To turn around recession-related increases in repossessions, credit unions have beefed up their loan-assessment processes and initiated faster action on collection procedures. They’ve also worked diligently to help members avoid repossessions.
Redstone Federal Credit Union, Huntsville, Ala., with $3.1 billion in assets, saw repossessions increase roughly 20% during the recession. “Things stabilized during some months of 2010, and consistently since the first of the year,” says Joe Newberry, president/CEO.
“We work with members the best we can so we don’t have to repossess,” he adds. “And we don’t repossess after one month, like banks do; we look at payment deferrals up to 90 days, if necessary, depending on the circumstances.”
Debt restructuring is also an option. “That’s more on the business side than the consumer side,” says Newberry. “We’re the largest SBA [Small Business Administration] lender in Alabama and we have a lot of start-ups.”
Preventing repossessions starts with strong underwriting, he notes. “We’ve tightened our unsecured credit criteria.
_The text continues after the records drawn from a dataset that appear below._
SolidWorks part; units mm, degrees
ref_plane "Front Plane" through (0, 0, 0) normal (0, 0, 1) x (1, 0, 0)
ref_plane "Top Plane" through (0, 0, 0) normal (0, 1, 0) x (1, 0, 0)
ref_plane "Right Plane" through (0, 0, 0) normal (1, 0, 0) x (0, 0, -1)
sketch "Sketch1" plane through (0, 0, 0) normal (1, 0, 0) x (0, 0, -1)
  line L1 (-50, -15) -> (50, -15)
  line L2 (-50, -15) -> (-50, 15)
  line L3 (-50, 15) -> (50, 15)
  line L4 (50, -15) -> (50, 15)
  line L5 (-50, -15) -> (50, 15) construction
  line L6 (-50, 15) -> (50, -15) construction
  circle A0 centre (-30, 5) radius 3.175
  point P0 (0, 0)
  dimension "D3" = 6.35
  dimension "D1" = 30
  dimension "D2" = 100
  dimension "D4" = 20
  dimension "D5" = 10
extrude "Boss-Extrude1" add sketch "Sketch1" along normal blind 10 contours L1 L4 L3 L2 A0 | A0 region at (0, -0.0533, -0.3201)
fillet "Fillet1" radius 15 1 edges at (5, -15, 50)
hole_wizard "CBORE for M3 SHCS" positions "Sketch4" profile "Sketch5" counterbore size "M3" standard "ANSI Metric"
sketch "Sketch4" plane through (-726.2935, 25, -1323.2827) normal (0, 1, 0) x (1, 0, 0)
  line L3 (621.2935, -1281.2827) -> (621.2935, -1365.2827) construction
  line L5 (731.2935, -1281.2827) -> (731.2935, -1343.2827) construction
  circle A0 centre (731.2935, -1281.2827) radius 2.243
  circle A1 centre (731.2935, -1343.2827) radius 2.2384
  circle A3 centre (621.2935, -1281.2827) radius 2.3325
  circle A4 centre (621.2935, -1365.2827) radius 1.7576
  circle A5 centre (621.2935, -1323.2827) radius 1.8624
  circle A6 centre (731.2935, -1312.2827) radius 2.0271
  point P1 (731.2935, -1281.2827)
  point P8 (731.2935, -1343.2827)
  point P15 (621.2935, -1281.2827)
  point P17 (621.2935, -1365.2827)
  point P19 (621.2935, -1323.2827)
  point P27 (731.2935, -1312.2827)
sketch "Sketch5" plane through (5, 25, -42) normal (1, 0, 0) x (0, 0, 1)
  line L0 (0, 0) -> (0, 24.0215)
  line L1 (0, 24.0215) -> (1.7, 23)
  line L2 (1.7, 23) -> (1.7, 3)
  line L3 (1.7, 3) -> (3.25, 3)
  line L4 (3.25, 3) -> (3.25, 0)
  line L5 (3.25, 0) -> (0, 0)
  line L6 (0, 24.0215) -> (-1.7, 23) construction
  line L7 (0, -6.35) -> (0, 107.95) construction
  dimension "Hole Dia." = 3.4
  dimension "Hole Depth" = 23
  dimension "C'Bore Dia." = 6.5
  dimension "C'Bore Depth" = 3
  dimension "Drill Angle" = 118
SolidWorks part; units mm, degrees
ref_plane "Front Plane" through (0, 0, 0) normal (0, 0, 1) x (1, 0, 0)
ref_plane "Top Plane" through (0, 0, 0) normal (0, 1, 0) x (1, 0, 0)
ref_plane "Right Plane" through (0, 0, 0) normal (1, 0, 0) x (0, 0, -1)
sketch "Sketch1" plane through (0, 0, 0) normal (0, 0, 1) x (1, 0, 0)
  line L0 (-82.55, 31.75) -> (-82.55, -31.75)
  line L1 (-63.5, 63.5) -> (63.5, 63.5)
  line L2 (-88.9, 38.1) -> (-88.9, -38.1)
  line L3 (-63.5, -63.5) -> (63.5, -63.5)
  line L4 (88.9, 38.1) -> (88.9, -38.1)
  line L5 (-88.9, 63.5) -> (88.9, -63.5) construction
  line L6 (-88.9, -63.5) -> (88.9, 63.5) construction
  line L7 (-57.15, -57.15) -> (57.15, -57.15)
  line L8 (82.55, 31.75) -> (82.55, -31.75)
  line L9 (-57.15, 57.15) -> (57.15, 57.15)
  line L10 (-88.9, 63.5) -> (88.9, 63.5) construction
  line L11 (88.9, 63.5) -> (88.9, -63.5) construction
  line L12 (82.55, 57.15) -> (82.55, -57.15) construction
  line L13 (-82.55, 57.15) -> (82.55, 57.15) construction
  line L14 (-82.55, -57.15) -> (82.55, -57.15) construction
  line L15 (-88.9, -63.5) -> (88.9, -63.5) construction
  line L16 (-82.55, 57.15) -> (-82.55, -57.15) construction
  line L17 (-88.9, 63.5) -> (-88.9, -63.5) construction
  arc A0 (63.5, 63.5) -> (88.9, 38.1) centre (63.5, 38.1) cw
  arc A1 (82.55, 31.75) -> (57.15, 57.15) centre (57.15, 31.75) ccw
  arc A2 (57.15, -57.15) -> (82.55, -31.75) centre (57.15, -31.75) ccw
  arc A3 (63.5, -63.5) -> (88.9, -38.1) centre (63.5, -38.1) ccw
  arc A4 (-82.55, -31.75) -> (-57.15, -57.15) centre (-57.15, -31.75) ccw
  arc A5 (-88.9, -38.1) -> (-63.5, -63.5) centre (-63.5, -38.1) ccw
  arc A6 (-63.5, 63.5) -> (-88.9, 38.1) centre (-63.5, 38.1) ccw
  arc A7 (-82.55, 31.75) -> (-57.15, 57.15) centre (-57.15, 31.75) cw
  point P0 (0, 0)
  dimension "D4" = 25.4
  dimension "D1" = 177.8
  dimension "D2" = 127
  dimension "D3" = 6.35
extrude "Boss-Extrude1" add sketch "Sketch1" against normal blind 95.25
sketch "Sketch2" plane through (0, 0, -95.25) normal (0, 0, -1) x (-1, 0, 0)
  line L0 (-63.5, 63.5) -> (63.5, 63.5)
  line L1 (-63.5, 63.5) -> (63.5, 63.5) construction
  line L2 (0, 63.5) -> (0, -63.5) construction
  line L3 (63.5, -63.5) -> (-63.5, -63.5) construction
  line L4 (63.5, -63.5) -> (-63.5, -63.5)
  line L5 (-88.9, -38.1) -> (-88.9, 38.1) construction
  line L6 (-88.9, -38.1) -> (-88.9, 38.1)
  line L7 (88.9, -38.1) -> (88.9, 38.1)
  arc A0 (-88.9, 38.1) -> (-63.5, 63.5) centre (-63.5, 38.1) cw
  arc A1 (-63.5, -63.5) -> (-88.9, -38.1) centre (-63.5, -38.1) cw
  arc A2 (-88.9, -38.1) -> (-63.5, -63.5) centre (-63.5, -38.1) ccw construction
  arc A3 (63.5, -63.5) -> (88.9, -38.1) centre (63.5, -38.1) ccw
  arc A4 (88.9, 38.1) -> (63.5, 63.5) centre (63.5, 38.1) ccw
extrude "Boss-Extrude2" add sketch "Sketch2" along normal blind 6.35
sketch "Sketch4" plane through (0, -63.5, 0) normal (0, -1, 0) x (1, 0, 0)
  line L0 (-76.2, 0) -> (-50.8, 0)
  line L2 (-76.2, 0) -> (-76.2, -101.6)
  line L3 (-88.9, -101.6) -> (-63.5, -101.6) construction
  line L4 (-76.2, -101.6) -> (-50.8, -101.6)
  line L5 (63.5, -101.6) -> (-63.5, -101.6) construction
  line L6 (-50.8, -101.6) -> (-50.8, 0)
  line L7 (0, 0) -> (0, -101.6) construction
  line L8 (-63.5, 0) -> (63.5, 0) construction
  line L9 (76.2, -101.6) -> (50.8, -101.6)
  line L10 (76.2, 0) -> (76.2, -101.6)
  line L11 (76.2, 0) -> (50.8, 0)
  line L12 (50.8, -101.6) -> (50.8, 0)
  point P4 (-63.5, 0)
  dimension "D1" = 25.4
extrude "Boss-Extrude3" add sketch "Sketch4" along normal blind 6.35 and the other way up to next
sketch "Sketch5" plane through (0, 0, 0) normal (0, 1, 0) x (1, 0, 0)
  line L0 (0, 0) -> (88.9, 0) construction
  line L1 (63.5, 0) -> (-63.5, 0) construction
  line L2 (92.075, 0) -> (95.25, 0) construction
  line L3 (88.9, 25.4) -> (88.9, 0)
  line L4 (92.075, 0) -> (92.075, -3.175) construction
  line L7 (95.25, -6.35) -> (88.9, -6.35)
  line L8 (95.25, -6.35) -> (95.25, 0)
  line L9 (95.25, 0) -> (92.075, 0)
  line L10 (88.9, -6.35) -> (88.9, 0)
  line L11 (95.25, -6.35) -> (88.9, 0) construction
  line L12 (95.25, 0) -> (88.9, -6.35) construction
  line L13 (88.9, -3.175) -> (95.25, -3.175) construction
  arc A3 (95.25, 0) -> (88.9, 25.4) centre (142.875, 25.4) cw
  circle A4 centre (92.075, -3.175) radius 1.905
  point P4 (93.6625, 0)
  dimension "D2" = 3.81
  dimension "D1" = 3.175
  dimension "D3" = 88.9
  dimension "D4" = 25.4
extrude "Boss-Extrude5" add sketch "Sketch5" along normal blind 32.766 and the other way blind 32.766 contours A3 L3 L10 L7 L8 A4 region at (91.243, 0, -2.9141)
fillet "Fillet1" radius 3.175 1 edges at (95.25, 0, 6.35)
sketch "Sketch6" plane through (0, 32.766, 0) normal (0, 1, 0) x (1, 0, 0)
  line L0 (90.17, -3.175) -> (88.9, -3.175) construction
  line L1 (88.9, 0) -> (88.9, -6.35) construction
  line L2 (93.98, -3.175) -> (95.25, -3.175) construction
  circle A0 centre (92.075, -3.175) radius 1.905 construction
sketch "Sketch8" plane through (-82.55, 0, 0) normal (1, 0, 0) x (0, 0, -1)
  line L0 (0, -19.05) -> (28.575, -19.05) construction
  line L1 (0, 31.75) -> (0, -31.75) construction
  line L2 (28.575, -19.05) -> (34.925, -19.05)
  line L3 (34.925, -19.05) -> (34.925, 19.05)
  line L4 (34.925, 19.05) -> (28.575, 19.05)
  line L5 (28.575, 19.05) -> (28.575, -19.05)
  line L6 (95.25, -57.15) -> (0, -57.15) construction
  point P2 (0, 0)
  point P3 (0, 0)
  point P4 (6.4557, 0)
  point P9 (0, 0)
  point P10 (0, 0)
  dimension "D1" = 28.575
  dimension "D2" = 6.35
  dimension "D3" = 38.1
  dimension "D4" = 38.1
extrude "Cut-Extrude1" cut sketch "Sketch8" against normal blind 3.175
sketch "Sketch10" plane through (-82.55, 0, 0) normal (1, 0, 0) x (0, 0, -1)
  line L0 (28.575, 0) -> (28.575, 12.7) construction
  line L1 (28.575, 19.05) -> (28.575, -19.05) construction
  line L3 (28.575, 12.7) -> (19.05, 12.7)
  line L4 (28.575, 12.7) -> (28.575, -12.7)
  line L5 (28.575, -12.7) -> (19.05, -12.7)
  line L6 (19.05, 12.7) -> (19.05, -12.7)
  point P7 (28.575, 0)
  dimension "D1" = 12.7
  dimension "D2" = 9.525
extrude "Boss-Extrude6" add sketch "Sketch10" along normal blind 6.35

But even there, it’s not a science. You never know if someone will have a health problem, marital problems, a job loss, or fewer work hours. That’s what drove a lot of our repos.”
Credit unions have an advantage, Newberry says. “We really care about our membership and will do everything we can to help members through the most difficult times in their lives. Congress has mandated credit unions to work with people of modest means, and that’s what we do continually.”
Repossession policies should be broad enough to encompass different circumstances, he says, but within regulatory guidelines, which “provide consistency in what you do. But with these situations it isn’t one size fits all.”
Redstone Federal reviews all policies annually, and also when the economy or other factors drive procedural changes. “When we tightened our credit criteria, management made policy recommendations to our board governance committee, which brought them to the full board for approval,” Newberry explains.
When repossessions were high, the credit union added a second vendor for both auto repossessions and auto auctions. “For other credit unions still seeing increases, I’d recommend looking at other repo vendors and sites that can help you facilitate the transactions. It helps you handle volumes quickly during stressful times.
“Also, from an enterprise risk management standpoint,” he adds, “it’s good practice not to be dependent on one vendor that might go out of business.”
Repossessions didn’t increase during the recession for $48 million asset Ohio [Dublin] HealthCare Federal Credit Union. “We’re fortunate with our field of membership; most members have stable jobs in health care,” says William Butler, president/CEO.
The credit union had about 10 repossessions in both 2009 and 2010, and six so far this year. “Our focus is really to keep members and their collateral together as long as possible,” Butler says. “A repo is a last-ditch effort.”
Timeframes don’t drive repossessions, agrees David Cottone, vice president of lending. “Member engagement dictates whether we’ll repossess. If we believe members are making their best efforts to pay, we’ll work with them.
“If they’re going through financial difficulty but we’re seeing regular payments—and more important, a plan—we’ll be patient with them,” he adds. “In some cases we’ll let a loan go 60 or 90 days delinquent.”
Often, if a member isn’t engaging with the credit union, it’s from fear or embarrassment, says Cottone. “Once we break down that barrier, they’re more cooperative.”
This strategy has been tremendously successful, Butler notes. “Granted, it can make our delinquency rate a little higher, but we’ve had success in getting rates in shape.”
Staff often get members’ cooperation in returning cars. “Members know it’s best for them,” says Cottone. “We can make modifications to loans, and we have a very high percentage of members making deficiency payments after a car is repossessed and sold.”
The credit union underwrites aggressively, and will carry low credit score loans to serve members having financial difficulties. “It’s absolutely possible to mitigate risk if you have smart underwriting and know your members,” he says.
The credit union’s written repossession policies are based on regulations rather than timeframes. “If they’re based on timeframes, you get forced into a structure that’s not in the credit union’s or the member’s best interests,” he says. “It comes down to empowering your collectors to do the right thing.”